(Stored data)
-- Opening Marker --
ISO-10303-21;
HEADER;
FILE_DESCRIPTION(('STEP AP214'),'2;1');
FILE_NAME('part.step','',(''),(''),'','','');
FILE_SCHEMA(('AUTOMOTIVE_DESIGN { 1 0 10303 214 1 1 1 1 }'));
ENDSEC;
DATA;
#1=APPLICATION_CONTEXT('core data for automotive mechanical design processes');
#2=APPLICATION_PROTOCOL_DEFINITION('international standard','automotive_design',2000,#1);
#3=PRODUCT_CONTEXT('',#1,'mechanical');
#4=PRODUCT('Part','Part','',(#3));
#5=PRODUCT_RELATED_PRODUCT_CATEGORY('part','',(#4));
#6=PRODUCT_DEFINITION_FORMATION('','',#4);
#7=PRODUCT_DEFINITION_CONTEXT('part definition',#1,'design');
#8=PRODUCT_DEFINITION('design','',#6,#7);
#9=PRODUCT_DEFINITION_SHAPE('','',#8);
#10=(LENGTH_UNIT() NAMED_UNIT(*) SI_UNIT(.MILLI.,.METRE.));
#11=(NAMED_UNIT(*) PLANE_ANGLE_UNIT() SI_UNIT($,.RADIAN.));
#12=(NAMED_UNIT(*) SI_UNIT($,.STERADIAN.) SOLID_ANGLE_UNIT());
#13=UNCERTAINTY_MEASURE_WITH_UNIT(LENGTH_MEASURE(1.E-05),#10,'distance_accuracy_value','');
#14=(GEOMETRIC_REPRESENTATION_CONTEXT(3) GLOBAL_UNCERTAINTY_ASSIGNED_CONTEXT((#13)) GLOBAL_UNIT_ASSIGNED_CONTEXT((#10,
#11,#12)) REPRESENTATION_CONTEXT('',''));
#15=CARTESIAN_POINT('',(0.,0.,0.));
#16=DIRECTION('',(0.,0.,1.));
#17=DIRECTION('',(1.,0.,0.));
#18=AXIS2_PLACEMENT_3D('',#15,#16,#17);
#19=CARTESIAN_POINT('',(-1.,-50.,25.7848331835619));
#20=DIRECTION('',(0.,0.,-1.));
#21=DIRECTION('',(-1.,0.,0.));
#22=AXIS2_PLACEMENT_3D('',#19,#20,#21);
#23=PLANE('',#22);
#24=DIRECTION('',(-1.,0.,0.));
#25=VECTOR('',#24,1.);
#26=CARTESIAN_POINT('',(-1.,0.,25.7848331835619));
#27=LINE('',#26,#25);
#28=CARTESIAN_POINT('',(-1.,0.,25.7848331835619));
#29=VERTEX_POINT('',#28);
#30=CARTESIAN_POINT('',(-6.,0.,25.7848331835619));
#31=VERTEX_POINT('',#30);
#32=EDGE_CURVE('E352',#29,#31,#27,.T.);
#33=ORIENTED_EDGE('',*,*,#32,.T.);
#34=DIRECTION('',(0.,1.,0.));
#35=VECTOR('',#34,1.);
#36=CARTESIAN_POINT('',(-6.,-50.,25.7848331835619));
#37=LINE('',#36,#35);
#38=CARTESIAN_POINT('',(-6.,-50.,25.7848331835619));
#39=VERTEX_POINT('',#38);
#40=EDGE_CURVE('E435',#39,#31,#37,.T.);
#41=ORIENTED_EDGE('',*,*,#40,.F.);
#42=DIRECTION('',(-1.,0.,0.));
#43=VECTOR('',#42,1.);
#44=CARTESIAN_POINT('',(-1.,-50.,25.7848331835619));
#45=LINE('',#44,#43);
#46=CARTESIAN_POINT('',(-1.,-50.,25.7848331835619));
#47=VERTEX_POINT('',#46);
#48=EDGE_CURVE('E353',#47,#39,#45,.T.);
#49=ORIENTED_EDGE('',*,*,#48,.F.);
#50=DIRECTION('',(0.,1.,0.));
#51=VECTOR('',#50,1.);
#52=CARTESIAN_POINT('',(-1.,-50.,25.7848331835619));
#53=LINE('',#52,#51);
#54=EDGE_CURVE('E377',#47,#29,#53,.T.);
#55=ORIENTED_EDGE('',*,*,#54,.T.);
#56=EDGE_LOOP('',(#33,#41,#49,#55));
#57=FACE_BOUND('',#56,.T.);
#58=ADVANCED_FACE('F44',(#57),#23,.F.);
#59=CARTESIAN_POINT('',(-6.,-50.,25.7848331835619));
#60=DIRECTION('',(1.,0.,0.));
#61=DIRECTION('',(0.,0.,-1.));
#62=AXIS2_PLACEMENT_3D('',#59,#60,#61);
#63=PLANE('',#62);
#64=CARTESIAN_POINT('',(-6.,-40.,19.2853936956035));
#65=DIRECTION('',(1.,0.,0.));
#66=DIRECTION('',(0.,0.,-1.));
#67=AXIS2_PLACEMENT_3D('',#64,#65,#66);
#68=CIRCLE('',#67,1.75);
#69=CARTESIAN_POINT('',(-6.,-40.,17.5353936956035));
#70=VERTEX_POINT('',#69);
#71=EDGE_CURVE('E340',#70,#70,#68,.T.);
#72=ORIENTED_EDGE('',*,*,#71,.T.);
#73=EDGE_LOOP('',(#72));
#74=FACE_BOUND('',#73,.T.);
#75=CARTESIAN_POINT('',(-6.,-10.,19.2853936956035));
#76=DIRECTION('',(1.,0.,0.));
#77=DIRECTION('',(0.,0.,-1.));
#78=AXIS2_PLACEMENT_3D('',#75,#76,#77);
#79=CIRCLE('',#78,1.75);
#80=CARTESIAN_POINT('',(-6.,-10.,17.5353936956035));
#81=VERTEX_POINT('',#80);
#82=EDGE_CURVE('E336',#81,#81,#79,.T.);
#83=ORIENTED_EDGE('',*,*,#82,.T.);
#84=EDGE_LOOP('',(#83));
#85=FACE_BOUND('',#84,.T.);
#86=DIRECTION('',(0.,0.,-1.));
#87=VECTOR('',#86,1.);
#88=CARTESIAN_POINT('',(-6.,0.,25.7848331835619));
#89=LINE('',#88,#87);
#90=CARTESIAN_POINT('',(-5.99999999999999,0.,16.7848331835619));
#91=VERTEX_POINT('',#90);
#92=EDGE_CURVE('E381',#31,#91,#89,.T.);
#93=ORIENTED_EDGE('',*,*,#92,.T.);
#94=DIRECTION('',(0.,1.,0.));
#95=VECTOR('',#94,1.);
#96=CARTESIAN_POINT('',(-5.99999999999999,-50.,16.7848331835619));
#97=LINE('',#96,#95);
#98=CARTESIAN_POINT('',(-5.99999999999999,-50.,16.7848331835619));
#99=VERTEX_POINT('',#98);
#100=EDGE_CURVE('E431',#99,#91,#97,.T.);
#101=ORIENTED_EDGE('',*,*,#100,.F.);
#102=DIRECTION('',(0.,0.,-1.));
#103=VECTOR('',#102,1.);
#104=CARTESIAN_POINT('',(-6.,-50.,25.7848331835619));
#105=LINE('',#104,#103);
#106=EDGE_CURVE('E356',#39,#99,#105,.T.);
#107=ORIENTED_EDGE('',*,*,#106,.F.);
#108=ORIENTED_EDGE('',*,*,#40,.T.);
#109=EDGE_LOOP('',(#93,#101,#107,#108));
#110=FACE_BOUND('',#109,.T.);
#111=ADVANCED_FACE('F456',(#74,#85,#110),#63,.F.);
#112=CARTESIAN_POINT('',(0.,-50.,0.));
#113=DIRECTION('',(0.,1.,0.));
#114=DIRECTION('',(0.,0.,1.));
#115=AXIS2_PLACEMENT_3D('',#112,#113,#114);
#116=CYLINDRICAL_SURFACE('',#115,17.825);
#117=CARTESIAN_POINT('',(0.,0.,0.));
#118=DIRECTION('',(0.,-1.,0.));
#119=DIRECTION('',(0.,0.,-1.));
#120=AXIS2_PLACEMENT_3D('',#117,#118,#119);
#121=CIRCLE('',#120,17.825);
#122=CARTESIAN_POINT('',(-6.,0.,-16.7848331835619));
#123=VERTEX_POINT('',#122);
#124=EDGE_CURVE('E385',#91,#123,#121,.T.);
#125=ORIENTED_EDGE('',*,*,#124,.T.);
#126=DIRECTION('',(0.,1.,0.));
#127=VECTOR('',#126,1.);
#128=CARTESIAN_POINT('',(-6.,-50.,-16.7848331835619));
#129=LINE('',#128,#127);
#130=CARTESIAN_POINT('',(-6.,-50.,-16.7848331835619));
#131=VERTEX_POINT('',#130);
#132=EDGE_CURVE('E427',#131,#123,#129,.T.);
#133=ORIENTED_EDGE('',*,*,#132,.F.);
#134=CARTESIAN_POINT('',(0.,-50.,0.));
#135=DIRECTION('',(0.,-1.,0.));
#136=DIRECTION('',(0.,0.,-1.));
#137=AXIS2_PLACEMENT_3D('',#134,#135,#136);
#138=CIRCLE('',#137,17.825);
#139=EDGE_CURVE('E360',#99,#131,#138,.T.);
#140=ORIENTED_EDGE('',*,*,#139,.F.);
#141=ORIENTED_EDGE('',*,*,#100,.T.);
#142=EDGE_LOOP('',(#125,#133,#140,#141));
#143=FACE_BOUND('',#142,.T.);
-- Closing Marker --
Work required: Only the lines above from the line with "#57=FACE_BOUND('',#56,.T.);" to the line with "#95=VECTOR('',#94,1.);", those two lines included, should be reproduced exactly.

Task result:
#57=FACE_BOUND('',#56,.T.);
#58=ADVANCED_FACE('F44',(#57),#23,.F.);
#59=CARTESIAN_POINT('',(-6.,-50.,25.7848331835619));
#60=DIRECTION('',(1.,0.,0.));
#61=DIRECTION('',(0.,0.,-1.));
#62=AXIS2_PLACEMENT_3D('',#59,#60,#61);
#63=PLANE('',#62);
#64=CARTESIAN_POINT('',(-6.,-40.,19.2853936956035));
#65=DIRECTION('',(1.,0.,0.));
#66=DIRECTION('',(0.,0.,-1.));
#67=AXIS2_PLACEMENT_3D('',#64,#65,#66);
#68=CIRCLE('',#67,1.75);
#69=CARTESIAN_POINT('',(-6.,-40.,17.5353936956035));
#70=VERTEX_POINT('',#69);
#71=EDGE_CURVE('E340',#70,#70,#68,.T.);
#72=ORIENTED_EDGE('',*,*,#71,.T.);
#73=EDGE_LOOP('',(#72));
#74=FACE_BOUND('',#73,.T.);
#75=CARTESIAN_POINT('',(-6.,-10.,19.2853936956035));
#76=DIRECTION('',(1.,0.,0.));
#77=DIRECTION('',(0.,0.,-1.));
#78=AXIS2_PLACEMENT_3D('',#75,#76,#77);
#79=CIRCLE('',#78,1.75);
#80=CARTESIAN_POINT('',(-6.,-10.,17.5353936956035));
#81=VERTEX_POINT('',#80);
#82=EDGE_CURVE('E336',#81,#81,#79,.T.);
#83=ORIENTED_EDGE('',*,*,#82,.T.);
#84=EDGE_LOOP('',(#83));
#85=FACE_BOUND('',#84,.T.);
#86=DIRECTION('',(0.,0.,-1.));
#87=VECTOR('',#86,1.);
#88=CARTESIAN_POINT('',(-6.,0.,25.7848331835619));
#89=LINE('',#88,#87);
#90=CARTESIAN_POINT('',(-5.99999999999999,0.,16.7848331835619));
#91=VERTEX_POINT('',#90);
#92=EDGE_CURVE('E381',#31,#91,#89,.T.);
#93=ORIENTED_EDGE('',*,*,#92,.T.);
#94=DIRECTION('',(0.,1.,0.));
#95=VECTOR('',#94,1.);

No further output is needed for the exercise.